Em novembro de 2012, Kim Kyok-shik foi nomeado novamente ministro da Defesa, cargo que manteve até ser substituído sete meses mais tarde por Jang Jong-nam, um general relativamente desconhecido e jovem, de apenas 50 anos.

Já em 2013, seria nomeado Chefe do Estado Maior do Exército Popular norte-coreano, um dos mais numerosos do mundo com mais de 1,1 milhões de militares nas suas fileiras.

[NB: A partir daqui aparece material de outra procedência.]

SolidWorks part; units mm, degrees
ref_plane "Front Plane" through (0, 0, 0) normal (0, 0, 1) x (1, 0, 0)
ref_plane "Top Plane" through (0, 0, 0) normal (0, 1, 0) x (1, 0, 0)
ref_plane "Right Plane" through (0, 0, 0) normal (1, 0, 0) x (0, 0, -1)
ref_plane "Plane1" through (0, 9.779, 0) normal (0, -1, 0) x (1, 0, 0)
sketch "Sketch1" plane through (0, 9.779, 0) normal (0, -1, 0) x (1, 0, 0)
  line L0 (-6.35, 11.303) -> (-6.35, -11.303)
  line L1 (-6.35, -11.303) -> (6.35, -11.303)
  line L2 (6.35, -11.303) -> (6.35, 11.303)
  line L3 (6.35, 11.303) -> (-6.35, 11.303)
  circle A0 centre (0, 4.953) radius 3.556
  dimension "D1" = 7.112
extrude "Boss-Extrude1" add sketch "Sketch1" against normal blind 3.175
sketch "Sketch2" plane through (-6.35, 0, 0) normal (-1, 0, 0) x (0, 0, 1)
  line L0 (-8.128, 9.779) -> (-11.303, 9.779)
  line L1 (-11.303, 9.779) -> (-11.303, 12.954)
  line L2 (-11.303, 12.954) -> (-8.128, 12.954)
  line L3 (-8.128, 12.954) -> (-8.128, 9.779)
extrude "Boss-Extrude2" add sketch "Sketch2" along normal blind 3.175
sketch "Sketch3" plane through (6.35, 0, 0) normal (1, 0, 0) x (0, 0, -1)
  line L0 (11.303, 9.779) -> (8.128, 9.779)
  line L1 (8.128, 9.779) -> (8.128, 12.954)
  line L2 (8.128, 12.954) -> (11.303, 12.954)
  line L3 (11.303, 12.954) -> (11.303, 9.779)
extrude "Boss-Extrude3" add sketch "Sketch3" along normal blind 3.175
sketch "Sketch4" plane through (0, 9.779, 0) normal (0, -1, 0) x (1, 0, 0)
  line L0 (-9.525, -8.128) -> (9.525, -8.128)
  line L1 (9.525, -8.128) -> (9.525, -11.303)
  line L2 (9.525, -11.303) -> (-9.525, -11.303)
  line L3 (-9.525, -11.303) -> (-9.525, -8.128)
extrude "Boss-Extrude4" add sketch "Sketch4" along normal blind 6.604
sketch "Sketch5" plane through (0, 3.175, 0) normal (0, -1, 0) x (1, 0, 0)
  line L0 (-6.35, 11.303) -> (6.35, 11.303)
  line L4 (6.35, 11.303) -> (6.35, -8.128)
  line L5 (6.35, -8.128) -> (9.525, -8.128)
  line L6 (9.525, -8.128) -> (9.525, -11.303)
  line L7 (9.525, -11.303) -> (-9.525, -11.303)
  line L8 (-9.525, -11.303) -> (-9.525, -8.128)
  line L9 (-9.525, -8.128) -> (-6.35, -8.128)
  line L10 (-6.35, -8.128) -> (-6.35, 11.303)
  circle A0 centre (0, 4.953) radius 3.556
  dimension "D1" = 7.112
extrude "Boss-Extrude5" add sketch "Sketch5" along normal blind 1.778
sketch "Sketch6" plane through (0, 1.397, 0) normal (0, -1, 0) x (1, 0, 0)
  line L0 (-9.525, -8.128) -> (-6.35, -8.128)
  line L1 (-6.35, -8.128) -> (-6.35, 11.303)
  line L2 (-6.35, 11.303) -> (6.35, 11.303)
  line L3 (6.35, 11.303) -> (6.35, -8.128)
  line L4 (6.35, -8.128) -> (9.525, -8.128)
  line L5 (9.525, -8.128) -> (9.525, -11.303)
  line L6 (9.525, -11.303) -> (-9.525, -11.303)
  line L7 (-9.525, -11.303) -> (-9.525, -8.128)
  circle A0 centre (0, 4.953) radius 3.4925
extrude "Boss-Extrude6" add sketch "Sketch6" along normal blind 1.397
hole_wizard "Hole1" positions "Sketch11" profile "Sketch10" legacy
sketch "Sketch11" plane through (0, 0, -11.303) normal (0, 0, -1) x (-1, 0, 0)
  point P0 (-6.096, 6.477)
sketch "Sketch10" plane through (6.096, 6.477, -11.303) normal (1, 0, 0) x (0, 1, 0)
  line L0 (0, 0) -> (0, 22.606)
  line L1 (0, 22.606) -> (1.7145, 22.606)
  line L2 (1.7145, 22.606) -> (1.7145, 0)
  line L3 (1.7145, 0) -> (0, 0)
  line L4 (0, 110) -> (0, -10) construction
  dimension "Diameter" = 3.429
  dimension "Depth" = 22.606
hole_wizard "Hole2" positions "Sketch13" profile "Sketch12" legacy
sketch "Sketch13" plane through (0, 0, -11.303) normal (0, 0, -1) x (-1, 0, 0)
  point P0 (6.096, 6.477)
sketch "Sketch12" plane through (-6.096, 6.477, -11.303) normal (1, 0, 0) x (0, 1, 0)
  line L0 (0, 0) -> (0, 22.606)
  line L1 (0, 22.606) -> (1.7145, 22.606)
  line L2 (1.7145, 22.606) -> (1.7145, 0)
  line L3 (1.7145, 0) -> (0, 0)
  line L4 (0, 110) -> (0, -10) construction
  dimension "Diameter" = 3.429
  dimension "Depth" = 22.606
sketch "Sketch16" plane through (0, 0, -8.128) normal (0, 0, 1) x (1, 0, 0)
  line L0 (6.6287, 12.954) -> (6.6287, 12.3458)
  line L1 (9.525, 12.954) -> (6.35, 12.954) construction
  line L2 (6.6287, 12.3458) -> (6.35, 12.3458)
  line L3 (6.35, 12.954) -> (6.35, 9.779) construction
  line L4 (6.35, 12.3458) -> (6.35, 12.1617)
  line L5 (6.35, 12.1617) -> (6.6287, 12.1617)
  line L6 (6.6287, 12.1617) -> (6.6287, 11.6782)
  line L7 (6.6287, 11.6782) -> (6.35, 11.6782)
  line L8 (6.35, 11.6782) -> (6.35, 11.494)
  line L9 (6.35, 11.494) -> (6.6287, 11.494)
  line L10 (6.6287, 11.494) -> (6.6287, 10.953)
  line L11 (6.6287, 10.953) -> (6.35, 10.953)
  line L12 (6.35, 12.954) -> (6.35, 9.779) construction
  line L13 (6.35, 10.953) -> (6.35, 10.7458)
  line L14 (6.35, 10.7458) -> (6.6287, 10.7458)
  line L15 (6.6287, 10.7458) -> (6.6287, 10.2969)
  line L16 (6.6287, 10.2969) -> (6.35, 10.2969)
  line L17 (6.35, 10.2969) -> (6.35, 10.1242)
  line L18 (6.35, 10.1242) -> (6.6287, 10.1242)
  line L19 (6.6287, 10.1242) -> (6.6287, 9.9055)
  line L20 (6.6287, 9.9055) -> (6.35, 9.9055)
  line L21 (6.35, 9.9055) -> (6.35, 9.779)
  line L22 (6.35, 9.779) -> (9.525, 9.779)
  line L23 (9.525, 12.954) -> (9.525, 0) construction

O afundamento do Cheonan em março de 2010 e o bombardeamento da ilha de Yeonpyeong em novembro do mesmo ano foram dois dos episódios de maior tensão militar entre a Coreia do Norte e a Coreia do Sul desde que ambos os países se enfrentaram na Guerra da Coreia entre 1950 e 1953.

Ainda que Pyongyang negue o seu envolvimento no afundamento do Cheonan, que provocou 46 mortos, Seul impos duras sanções económicas ao seu vizinho que se mantêm até hoje.